ExplanationThe Mean is Not Enough
The mean of a sample tells you something about the sample. In practice, however, we almost always want to say something about the mean of the population from which the sample was drawn. It would be nice if we could assume that the population mean was the same as the sample mean but we can't, since samples are a only part of the population. If you took two samples, you would probably get two different sample means. They can't both be the correct population mean as that value is fixed. The truth is that we cannot know the true value of the population mean without measuring every member of the population and that is often impossible.
The best we can say about a population mean based on a sample mean is that there is a high chance that it falls somewhere in a given range. This range is the confidence interval of the population mean.
For example, instead of saying, "The mean age of students is 20 years" we can say, "It is highly likely that the mean age of students is between 18 and 22 years". This might seem like a step towards vagueness as the single mean seems more accurate, but it is actually a step towards honesty. We are saying "from the sample we took, the best we can say is...", which tells you a lot about the quality of the sample.
How Confident are You?
When we report confidence intervals, we must pick a confidence level - that is how confident we are that what we say is true. So we should actually say, "With 95% confidence, the mean age of students is between 18 and 22 years".
Here are the key points to remember:
- The confidence interval is a range from somewhere below the sample mean to the same distance above it. This is the range that we believe the population mean falls into.
- The confidence level specifies how confident we are that the population mean falls into the confidence interval. It is usually set at 95% or 99%.
As the confidence level grows, the confidence interval becomes wider. So the range into which you are 99% confident that the population mean will fall is larger than the range for the 95% level.
Here is an example. Imagine you are in a class of 500 students who have taken an exam. You want to know the average mark gained by the students but the results are not published and you cannot ask all 500! You can ask 15 of your friends, however, and they tell you how they did. The class of 500 is the population and you and your 15 friends make up the sample. If you found that your sample mean was 76, then you might conclude that the population mean (the average mark for the whole class) must also be 76, but you know that you might have got a different sample average if you had asked a different 15 people, so you know that you cannot conclude that the population average is 76.

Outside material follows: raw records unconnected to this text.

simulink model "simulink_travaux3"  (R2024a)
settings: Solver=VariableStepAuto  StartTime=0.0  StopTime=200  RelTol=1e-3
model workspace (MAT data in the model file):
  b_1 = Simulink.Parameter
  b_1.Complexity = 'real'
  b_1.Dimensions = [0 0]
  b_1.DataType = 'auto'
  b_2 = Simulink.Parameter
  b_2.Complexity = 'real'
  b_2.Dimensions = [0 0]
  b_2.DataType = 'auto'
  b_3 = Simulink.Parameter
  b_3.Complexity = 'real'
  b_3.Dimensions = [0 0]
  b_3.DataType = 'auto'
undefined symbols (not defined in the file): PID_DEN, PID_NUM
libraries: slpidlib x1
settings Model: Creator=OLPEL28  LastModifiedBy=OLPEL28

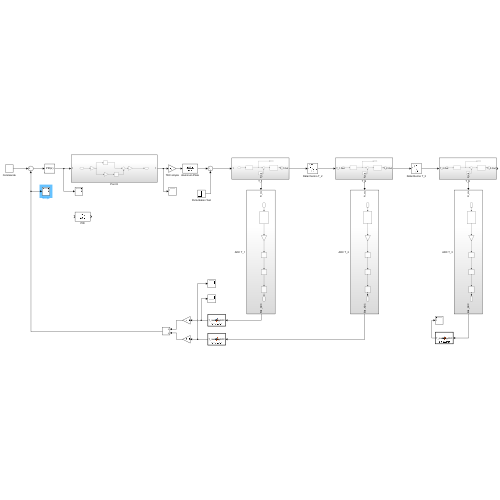
[thumbnail: Simulink's stored preview of the top-level diagram]
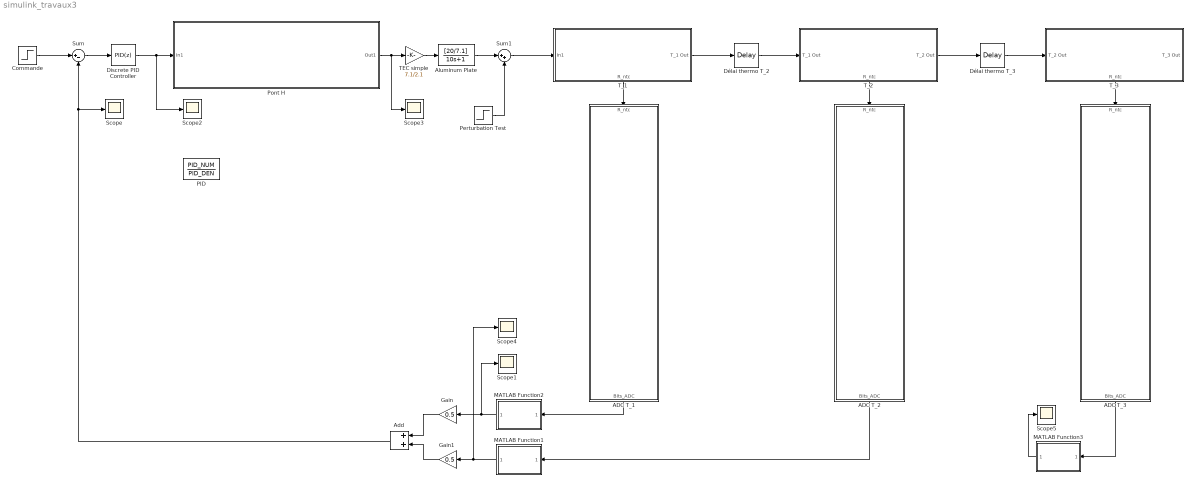
== system simulink_travaux3 ==
  ADC T_1 : Subsystem
  ADC T_2 : Subsystem
  ADC T_3 : Subsystem
  Add : Sum
  Aluminum Plate : TransferFcn  Numerator=[20/7.1]  Denominator=[10 1]
  Commande : Step  Time=0  Before=25  After=40  SampleTime=0
  Discrete PID Controller : slpidlib/PID Controller  Controller=PID  Form=Parallel  TimeDomain=Discrete-time  UseExternalTs=off  SampleTime=-1  IntegratorMethod=Forward Euler  FilterMethod=Forward Euler  ControllerParametersSource=internal  P=5  I=0.05  UseKiTs=off  D=1  UseExternalDerivativeSource=off  N=100  UseFilter=on  TunerSelectOption=Transfer Function Based (PID Tuner App)  InitialConditionSource=internal  InitialConditionForIntegrator=0  InitialConditionForFilter=0  DifferentiatorICPrevScaledInput=0  ExternalReset=none  TrackingMode=off  Kt=1  LimitOutput=off  SatLimitsSource=internal  UpperSaturationLimit=inf  LowerSaturationLimit=-inf  LinearizeAsGain=off  AntiWindupMode=none  Kb=1  LimitIntegrator=off  UpperIntegratorSaturationLimit=inf  LowerIntegratorSaturationLimit=-inf  POutMin=[]  POutMax=[]  IOutMin=[]  IOutMax=[]  DOutMin=[]  DOutMax=[]  NOutMin=[]  NOutMax=[]  SumOutMin=[]  SumOutMax=[]  SaturationOutMin=[]  SaturationOutMax=[]  PParamMin=[]  PParamMax=[]  IParamMin=[]  IParamMax=[]  DParamMin=[]  DParamMax=[]  NParamMin=[]  NParamMax=[]  KbParamMin=[]  KbParamMax=[]  KtParamMin=[]  KtParamMax=[]  KbOutMin=[]  KbOutMax=[]  KtOutMin=[]  KtOutMax=[]  IntegratorOutMin=[]  IntegratorOutMax=[]  FilterOutMin=[]  FilterOutMax=[]  SumI1OutMin=[]  SumI1OutMax=[]  SumI2OutMin=[]  SumI2OutMax=[]  SumI3OutMin=[]  SumI3OutMax=[]  SumI4OutMin=[]  SumI4OutMax=[]  SumDOutMin=[]  SumDOutMax=[]  DifferentiatorOutMin=[]  DifferentiatorOutMax=[]  FilterDiffOutCoefMin=[]  FilterDiffOutCoefMax=[]  ReciprocalOutMin=[]  ReciprocalOutMax=[]  SumDenOutMin=[]  SumDenOutMax=[]  SumNumOutMin=[]  SumNumOutMax=[]  DivideOutMin=[]  DivideOutMax=[]  UdiffTsProdOutMin=[]  UdiffTsProdOutMax=[]  NTsProdOutMin=[]  NTsProdOutMax=[]  UintegralTsProdOutMin=[]  UintegralTsProdOutMax=[]  UngainTsProdOutMin=[]  UngainTsProdOutMax=[]  ClampingZeroOutDataTypeStr=Inherit: Inherit via back propagation  ClampingZeroOutMin=[]  ClampingZeroOutMax=[]  FilterDenConstantOutDataTypeStr=Inherit: Inherit via back propagation  FilterDenConstantOutMin=[]  FilterDenConstantOutMax=[]  PCopyOutDataTypeStr=Inherit: Inherit via back propagation  PCopyOutMin=[]  PCopyOutMax=[]  NCopyOutDataTypeStr=Inherit: Inherit via back propagation  NCopyOutMin=[]  NCopyOutMax=[]  IntegratorContinuousStateAttributes=''  IntegratorStateMustResolveToSignalObject=off  IntegratorRTWStateStorageClass=Auto  FilterContinuousStateAttributes=''  FilterStateMustResolveToSignalObject=off  FilterRTWStateStorageClass=Auto  ParallelPVariant=InternalParameters  IdealPVariant=Disabled  IVariant=InternalParameters  DVariant=InternalParameters  IntegratorVariant=Discrete  SatVariant=Disabled  AWVariant=Passthrough  PCopyVariant=Disabled  TRVariant=Disabled  FdbkBlocksVariant=Forward  IdealPFdbkVariant=Disabled  SatFdbkVariant=Disabled  DerivativeFilterVariant=ForwardEulerFilter  NVariant=InternalParameters  NCopyVariant=Disabled  FilterICVariant=InternalICsFilter  IntegratorICVariant=InternalICs  ExternalResetVariant=Disabled  TRSumVariant=Passthrough  SumFdbkVariant=Disabled  SumVariant=Sum_PID  TsampFilterVariant=InternalTs  TsampNgainVariant=Passthrough  TsampIntegralVariant=Passthrough  ExternalSaturationOutDataTypeStr=Inherit: Same as second input  DerivativeSourceVariant=ErrorSignal
      settings: LibrarySourceBlock=simulink/Discrete/Discrete PID Controller
  Délai thermo T_2 : TransportDelay  DelayTime=7
  Délai thermo T_3 : TransportDelay  DelayTime=14
  Gain : Gain  Gain=0.5
  Gain1 : Gain  Gain=0.5
  MATLAB Function1 : MATLAB Function  TreatAsAtomicUnit=on
  MATLAB Function2 : MATLAB Function  TreatAsAtomicUnit=on
  MATLAB Function3 : MATLAB Function  TreatAsAtomicUnit=on
  PID : DiscreteTransferFcn  Numerator=PID_NUM  Denominator=PID_DEN
  Perturbation Test : Step  Time=0  After=0  SampleTime=0
  Pont H : Subsystem
  Scope{,1..5} (6 alike) : Scope
  Sum : Sum  Inputs=|+-
  Sum1 : Sum  Inputs=|++
  TEC simple : Gain  Gain=7.1/2.1
  T_1 : Subsystem
      settings: PortSchema="{\"entries\":[{\"content\":{\"sides\":[{\"content\":{\"connectorIds\":[\"In1\"]},\"type\":\"ConnectorPlacement.EquallySpacedRectSide\",\"uuid\":\"9022bc75-f2e1-4756-aed7-8214847faad0\"},{\"content\":{\"connectorIds\":[\"Out1\"],\"side\":\"RIGHT\"},\"type\":\"ConnectorPlacement.EquallySpacedRectSide\",\"uuid\":\"45d13b33-3548-4a7f-87ab-0833dbd02947\"},{\"content\":{\"side\":\"TOP\"},\"type\":\"ConnectorPlacement.EquallySpacedRectSide\",\"uuid\":\"2ac70de7-8112-4e76-971d-7a8ad18f41e6\"},{\"content\":{\"connectorIds\":[\"Out2\"],\"side\":\"BOTTOM\"},\"type\":\"ConnectorPlacement.EquallySpacedRectSide\",\"uuid\":\"b5357281-fab3-48c6-95cd-e6d21d6821fb\"}]},\"type\":\"ConnectorPlacement.EquallySpacedConnector\",\"uuid\":\"d4320567-c391-43ce-9cfc-be50ddc4307f\"}],\"packageUris\":[\"http://schema.mathworks.com/mf0/Connector/R2020b\"],\"version\":\"1.0\"}"
  T_2 : Subsystem
      settings: PortSchema="{\"entries\":[{\"content\":{\"sides\":[{\"content\":{\"connectorIds\":[\"In1\"]},\"type\":\"ConnectorPlacement.EquallySpacedRectSide\",\"uuid\":\"9022bc75-f2e1-4756-aed7-8214847faad0\"},{\"content\":{\"connectorIds\":[\"Out1\"],\"side\":\"RIGHT\"},\"type\":\"ConnectorPlacement.EquallySpacedRectSide\",\"uuid\":\"45d13b33-3548-4a7f-87ab-0833dbd02947\"},{\"content\":{\"side\":\"TOP\"},\"type\":\"ConnectorPlacement.EquallySpacedRectSide\",\"uuid\":\"2ac70de7-8112-4e76-971d-7a8ad18f41e6\"},{\"content\":{\"connectorIds\":[\"Out2\"],\"side\":\"BOTTOM\"},\"type\":\"ConnectorPlacement.EquallySpacedRectSide\",\"uuid\":\"b5357281-fab3-48c6-95cd-e6d21d6821fb\"}]},\"type\":\"ConnectorPlacement.EquallySpacedConnector\",\"uuid\":\"d4320567-c391-43ce-9cfc-be50ddc4307f\"}],\"packageUris\":[\"http://schema.mathworks.com/mf0/Connector/R2020b\"],\"version\":\"1.0\"}"
  T_3 : Subsystem
      settings: PortSchema="{\"entries\":[{\"content\":{\"sides\":[{\"content\":{\"connectorIds\":[\"In1\"]},\"type\":\"ConnectorPlacement.EquallySpacedRectSide\",\"uuid\":\"9022bc75-f2e1-4756-aed7-8214847faad0\"},{\"content\":{\"connectorIds\":[\"Out1\"],\"side\":\"RIGHT\"},\"type\":\"ConnectorPlacement.EquallySpacedRectSide\",\"uuid\":\"45d13b33-3548-4a7f-87ab-0833dbd02947\"},{\"content\":{\"side\":\"TOP\"},\"type\":\"ConnectorPlacement.EquallySpacedRectSide\",\"uuid\":\"2ac70de7-8112-4e76-971d-7a8ad18f41e6\"},{\"content\":{\"connectorIds\":[\"Out2\"],\"side\":\"BOTTOM\"},\"type\":\"ConnectorPlacement.EquallySpacedRectSide\",\"uuid\":\"b5357281-fab3-48c6-95cd-e6d21d6821fb\"}]},\"type\":\"ConnectorPlacement.EquallySpacedConnector\",\"uuid\":\"d4320567-c391-43ce-9cfc-be50ddc4307f\"}],\"packageUris\":[\"http://schema.mathworks.com/mf0/Connector/R2020b\"],\"version\":\"1.0\"}"
  wires:
  Commande/1 -> Sum/1
  Perturbation Test/1 -> Sum1/2
  TEC simple/1 -> Aluminum Plate/1
  Pont H/1(Out1) -> Scope3/1, TEC simple/1
  Sum1/1 -> T_1/1(In1)
  T_1/2(R_ntc) -> ADC T_1/1(R_ntc)
  T_2/2(R_ntc) -> ADC T_2/1(R_ntc)
  ADC T_1/1(Bits_ADC) -> MATLAB Function2/1(Bits_ADC)
  ADC T_2/1(Bits_ADC) -> MATLAB Function1/1(Bits_ADC)
  T_1/1(T_1 Out) -> Délai thermo T_2/1
  Délai thermo T_2/1 -> T_2/1(T_1 Out)
  Aluminum Plate/1 -> Sum1/1
  MATLAB Function2/1(T_mesuree) -> Scope1/1, Gain/1
  MATLAB Function1/1(T_mesuree) -> Scope4/1, Gain1/1
  Gain1/1 -> Add/2
  Gain/1 -> Add/1
  Add/1 -> Scope/1, Sum/2
  Délai thermo T_3/1 -> T_3/1(T_2 Out)
  T_3/2(R_ntc) -> ADC T_3/1(R_ntc)
  T_2/1(T_2 Out) -> Délai thermo T_3/1
  ADC T_3/1(Bits_ADC) -> MATLAB Function3/1(Bits_ADC)
  MATLAB Function3/1(T_mesuree) -> Scope5/1
  Sum/1 -> Discrete PID Controller/1
  Discrete PID Controller/1 -> Scope2/1, Pont H/1(In1)

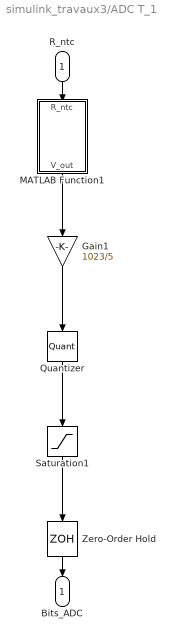
== system simulink_travaux3/ADC T_1 ==
  R_ntc : Inport
  Gain1 : Gain  Gain=1023/5
  MATLAB Function1 : MATLAB Function  TreatAsAtomicUnit=on
  Quantizer : Quantizer  QuantizationInterval=1
  Saturation1 : Saturate  UpperLimit=1023  LowerLimit=0
  Zero-Order Hold : ZeroOrderHold  SampleTime=0.01
  Bits_ADC : Outport
  wires:
  Quantizer/1 -> Saturation1/1
  Gain1/1 -> Quantizer/1
  Saturation1/1 -> Zero-Order Hold/1
  Zero-Order Hold/1 -> Bits_ADC/1
  R_ntc/1 -> MATLAB Function1/1(R_ntc)
  MATLAB Function1/1(V_out) -> Gain1/1

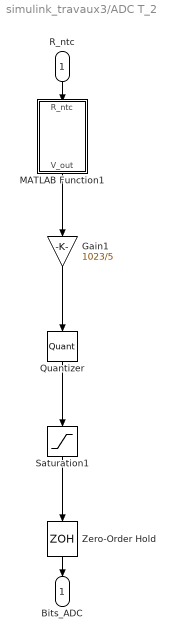
== system simulink_travaux3/ADC T_2 ==
  R_ntc : Inport
  Gain1 : Gain  Gain=1023/5
  MATLAB Function1 : MATLAB Function  TreatAsAtomicUnit=on
  Quantizer : Quantizer  QuantizationInterval=1
  Saturation1 : Saturate  UpperLimit=1023  LowerLimit=0
  Zero-Order Hold : ZeroOrderHold  SampleTime=0.01
  Bits_ADC : Outport
  wires:
  Quantizer/1 -> Saturation1/1
  Gain1/1 -> Quantizer/1
  Saturation1/1 -> Zero-Order Hold/1
  Zero-Order Hold/1 -> Bits_ADC/1
  R_ntc/1 -> MATLAB Function1/1(R_ntc)
  MATLAB Function1/1(V_out) -> Gain1/1

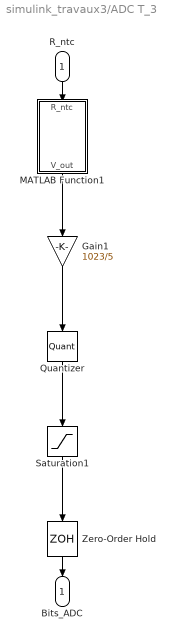
== system simulink_travaux3/ADC T_3 ==
  R_ntc : Inport
  Gain1 : Gain  Gain=1023/5
  MATLAB Function1 : MATLAB Function  TreatAsAtomicUnit=on
  Quantizer : Quantizer  QuantizationInterval=1
  Saturation1 : Saturate  UpperLimit=1023  LowerLimit=0
  Zero-Order Hold : ZeroOrderHold  SampleTime=0.01
  Bits_ADC : Outport
  wires:
  Quantizer/1 -> Saturation1/1
  Gain1/1 -> Quantizer/1
  Saturation1/1 -> Zero-Order Hold/1
  Zero-Order Hold/1 -> Bits_ADC/1
  R_ntc/1 -> MATLAB Function1/1(R_ntc)
  MATLAB Function1/1(V_out) -> Gain1/1

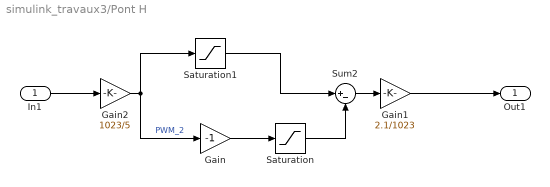
== system simulink_travaux3/Pont H ==
  In1 : Inport
  Gain : Gain  Gain=-1
  Gain1 : Gain  Gain=2.1/1023
  Gain2 : Gain  Gain=1023/5
  Saturation : Saturate  UpperLimit=1023  LowerLimit=0
  Saturation1 : Saturate  UpperLimit=1023  LowerLimit=0
  Sum2 : Sum  Inputs=|+-
  Out1 : Outport
  wires:
  Saturation1/1 -> Sum2/1
  Saturation/1 -> Sum2/2
  Sum2/1 -> Gain1/1
  Gain1/1 -> Out1/1
  Gain2/1 -> Saturation1/1, Gain/1  "PWM_2"
  Gain/1 -> Saturation/1
  In1/1 -> Gain2/1

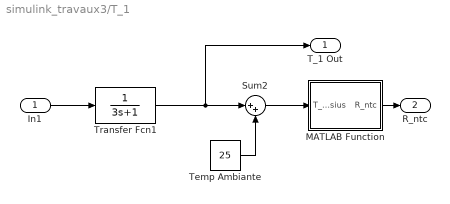
== system simulink_travaux3/T_1 ==
  In1 : Inport
  MATLAB Function : MATLAB Function  TreatAsAtomicUnit=on
  Sum2 : Sum  Inputs=|++
  Temp Ambiante : Constant  Value=25
  Transfer Fcn1 : TransferFcn  Denominator=[3 1]
  T_1 Out : Outport
  R_ntc : Outport  Port=2
  wires:
  Transfer Fcn1/1 -> Sum2/1, T_1 Out/1
  MATLAB Function/1(R_ntc) -> R_ntc/1
  In1/1 -> Transfer Fcn1/1
  Sum2/1 -> MATLAB Function/1(T_celsius)
  Temp Ambiante/1 -> Sum2/2

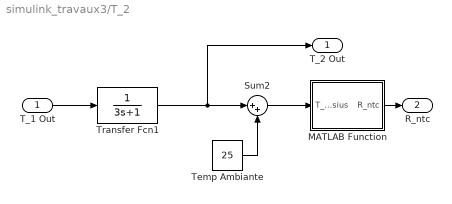
== system simulink_travaux3/T_2 ==
  T_1 Out : Inport
  MATLAB Function : MATLAB Function  TreatAsAtomicUnit=on
  Sum2 : Sum  Inputs=|++
  Temp Ambiante : Constant  Value=25
  Transfer Fcn1 : TransferFcn  Denominator=[3 1]
  T_2 Out : Outport
  R_ntc : Outport  Port=2
  wires:
  Transfer Fcn1/1 -> Sum2/1, T_2 Out/1
  MATLAB Function/1(R_ntc) -> R_ntc/1
  T_1 Out/1 -> Transfer Fcn1/1
  Temp Ambiante/1 -> Sum2/2
  Sum2/1 -> MATLAB Function/1(T_celsius)

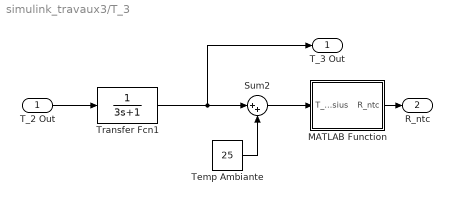
== system simulink_travaux3/T_3 ==
  T_2 Out : Inport
  MATLAB Function : MATLAB Function  TreatAsAtomicUnit=on
  Sum2 : Sum  Inputs=|++
  Temp Ambiante : Constant  Value=25
  Transfer Fcn1 : TransferFcn  Denominator=[3 1]
  T_3 Out : Outport
  R_ntc : Outport  Port=2
  wires:
  Transfer Fcn1/1 -> Sum2/1, T_3 Out/1
  MATLAB Function/1(R_ntc) -> R_ntc/1
  T_2 Out/1 -> Transfer Fcn1/1
  Temp Ambiante/1 -> Sum2/2
  Sum2/1 -> MATLAB Function/1(T_celsius)

== matlab function simulink_travaux3/T_1/MATLAB Function ==
  data: T_celsius input; R_ntc output
function R_ntc = temp2res(T_celsius)
    % Paramètres de la thermistance NTCALUG02A
    R25 = 10000;      % 10k Ohms à 25°C
    T25 = 298.15;     % 25°C en Kelvin
    Beta = 3984;      % Valeur B25/85 du tableau

    T_kelvin = T_celsius + 273.15;
    
    % Équation simplifiée de Steinhart-Hart (Parameter B)
    R_ntc = R25 * exp(Beta * (1/T_kelvin - 1/T25));
end

== matlab function simulink_travaux3/MATLAB Function2 ==
  data: Bits_ADC input; T_mesuree output
function T_mesuree = bits2temp(Bits_ADC)
    % Inverse exact de la chaîne précédente
    V_source = 5;
    R_fixe = 10000;
    R25 = 10000;
    T25 = 298.15;
    Beta = 3984;

    % 1. Bits en Voltage
    V_mes = (Bits_ADC * V_source) / 1023;
    
    % 2. Voltage en Résistance (Inverse du pont diviseur)
    % Attention à la division par zéro si V_mes est proche de V_source
    R_ntc = (V_mes * R_fixe) / (V_source - V_mes);
    
    % 3. Résistance en Température (Inverse Steinhart-Hart)
    T_kelvin = 1 / ( (1/Beta) * log(R_ntc/R25) + (1/T25) );
    
    T_mesuree = T_kelvin - 273.15;
end

== matlab function simulink_travaux3/T_2/MATLAB Function ==
  data: T_celsius input; R_ntc output
function R_ntc = temp2res(T_celsius)
    % Paramètres de la thermistance NTCALUG02A
    R25 = 10000;      % 10k Ohms à 25°C
    T25 = 298.15;     % 25°C en Kelvin
    Beta = 3984;      % Valeur B25/85 du tableau

    T_kelvin = T_celsius + 273.15;
    
    % Équation simplifiée de Steinhart-Hart (Parameter B)
    R_ntc = R25 * exp(Beta * (1/T_kelvin - 1/T25));
end

== matlab function simulink_travaux3/ADC T_2/MATLAB Function1 ==
  data: R_ntc input; V_out output
function V_out = res2volt(R_ntc)
    V_source = 5;     % Arduino fonctionne en 5V
    R_fixe = 10000;   % Résistance du pont diviseur (À VÉRIFIER sur ton PCB!)
    
    % Formule du diviseur de tension
    V_out = V_source * (R_ntc / (R_ntc + R_fixe));
end

== matlab function simulink_travaux3/MATLAB Function1 ==
  data: Bits_ADC input; T_mesuree output
function T_mesuree = bits2temp(Bits_ADC)
    % Inverse exact de la chaîne précédente
    V_source = 5;
    R_fixe = 10000;
    R25 = 10000;
    T25 = 298.15;
    Beta = 3984;

    % 1. Bits en Voltage
    V_mes = (Bits_ADC * V_source) / 1023;
    
    % 2. Voltage en Résistance (Inverse du pont diviseur)
    % Attention à la division par zéro si V_mes est proche de V_source
    R_ntc = (V_mes * R_fixe) / (V_source - V_mes);
    
    % 3. Résistance en Température (Inverse Steinhart-Hart)
    T_kelvin = 1 / ( (1/Beta) * log(R_ntc/R25) + (1/T25) );
    
    T_mesuree = T_kelvin - 273.15;
end

== matlab function simulink_travaux3/ADC T_3/MATLAB Function1 ==
  data: R_ntc input; V_out output
function V_out = res2volt(R_ntc)
    V_source = 5;     % Arduino fonctionne en 5V
    R_fixe = 10000;   % Résistance du pont diviseur (À VÉRIFIER sur ton PCB!)
    
    % Formule du diviseur de tension
    V_out = V_source * (R_ntc / (R_ntc + R_fixe));
end

== matlab function simulink_travaux3/T_3/MATLAB Function ==
  data: T_celsius input; R_ntc output
function R_ntc = temp2res(T_celsius)
    % Paramètres de la thermistance NTCALUG02A
    R25 = 10000;      % 10k Ohms à 25°C
    T25 = 298.15;     % 25°C en Kelvin
    Beta = 3984;      % Valeur B25/85 du tableau

    T_kelvin = T_celsius + 273.15;
    
    % Équation simplifiée de Steinhart-Hart (Parameter B)
    R_ntc = R25 * exp(Beta * (1/T_kelvin - 1/T25));
end

== matlab function simulink_travaux3/MATLAB Function3 ==
  data: Bits_ADC input; T_mesuree output
function T_mesuree = bits2temp(Bits_ADC)
    % Inverse exact de la chaîne précédente
    V_source = 5;
    R_fixe = 10000;
    R25 = 10000;
    T25 = 298.15;
    Beta = 3984;

    % 1. Bits en Voltage
    V_mes = (Bits_ADC * V_source) / 1023;
    
    % 2. Voltage en Résistance (Inverse du pont diviseur)
    % Attention à la division par zéro si V_mes est proche de V_source
    R_ntc = (V_mes * R_fixe) / (V_source - V_mes);
    
    % 3. Résistance en Température (Inverse Steinhart-Hart)
    T_kelvin = 1 / ( (1/Beta) * log(R_ntc/R25) + (1/T25) );
    
    T_mesuree = T_kelvin - 273.15;
end

== matlab function simulink_travaux3/ADC T_1/MATLAB Function1 ==
  data: R_ntc input; V_out output
function V_out = res2volt(R_ntc)
    V_source = 5;     % Arduino fonctionne en 5V
    R_fixe = 10000;   % Résistance du pont diviseur (À VÉRIFIER sur ton PCB!)
    
    % Formule du diviseur de tension
    V_out = V_source * (R_ntc / (R_ntc + R_fixe));
end
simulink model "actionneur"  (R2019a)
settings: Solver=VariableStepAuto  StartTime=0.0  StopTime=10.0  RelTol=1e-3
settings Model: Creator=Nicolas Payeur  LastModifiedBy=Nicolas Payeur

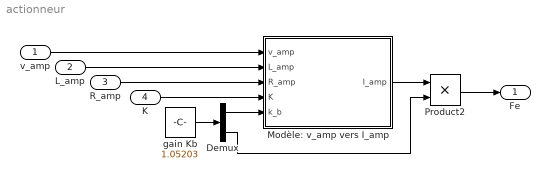
== system actionneur ==
  v_amp : Inport
  L_amp : Inport  Port=2
  R_amp : Inport  Port=3
  K : Inport  Port=4
  Demux : Demux  Outputs=2
  Modèle: v_amp vers I_amp : MATLAB Function  TreatAsAtomicUnit=on
  Product2 : Product
  gain Kb : Constant  Value=1.05203
  Fe : Outport  VectorParamsAs1DForOutWhenUnconnected=off
  wires:
  Product2/1 -> Fe/1
  Modèle: v_amp vers I_amp/1(I_amp) -> Product2/1
  v_amp/1 -> Modèle: v_amp vers I_amp/1(v_amp)
  R_amp/1 -> Modèle: v_amp vers I_amp/3(R_amp)
  L_amp/1 -> Modèle: v_amp vers I_amp/2(L_amp)
  gain Kb/1 -> Demux/1
  Demux/1 -> Modèle: v_amp vers I_amp/5(k_b)
  Demux/2 -> Product2/2
  K/1 -> Modèle: v_amp vers I_amp/4(K)

== matlab function actionneur/Modèle: v_amp vers I_amp ==
  data: v_amp input; I_amp output; L_amp input; R_amp input; K input; k_b input
function I_amp = fcn(v_amp, L_amp, R_amp, K, k_b)

I_amp = 1/(1+k_b/R_amp)*(K*exp(-R_amp*v_amp/L_amp)-L_amp/R_amp+...
    v_amp/R_amp);
end

This is where you use confidence intervals. Using your sample, you could calculate the 95% confidence interval for your sample mean and that would tell you the range into which the population mean probably falls. Imagine you find it to be from 68 to 84 (8 marks either side of your sample average). Your 95% confidence interval is 68 to 84. You can be 95% certain that the average mark for the population of 500 students is somewhere in that range, but you cannot say where. If you wanted to be 99% certain, you could calculate the interval at the 99% confidence level. Obviously, the range would be wider as you want to be more sure of capturing the population mean. It might extend from 64 to 88 at the 99% level. You might feel that this tells you very little about the population mean, as it could be anywhere in a large range, but it tells you a lot. It tells you that the variability in your sample suggests that you do not have sufficient data to guess accurately what the population mean really is.
Look at two pictures below. They show the 95% and 99% confidence intervals for our example plotted as error bars. You will see error bars showing confidence intervals in the other two sections on this page and they are a common tool, so it is a good idea to get to understand them now. The notation in red is there to show you how to understand the plot, it is not usually included on an error bar plot.
Notice how the 99% confidence interval is wider than that at the 95% level.
Be careful not to interpret confidence intervals incorrectly. Take the example above:
- It DOES NOT mean that 95% of the sample (or the population) data is between 68 and 84
- It DOES NOT mean that the population mean will fall into this range 95 times out of a 100. There is only one population mean and it is fixed, we just don't know what it is.
Note that the wider the confidence interval gets, the less useful the mean is, as it could just as easily be anywhere in a large interval. Confidence intervals are calculated from a sample of data. They are based on the size and variation of the sample. Level two shows you how to calculate confidence intervals but for now you should be able to see the larger the sample and the less variation there is in the sample, the more specific you can be about the population mean.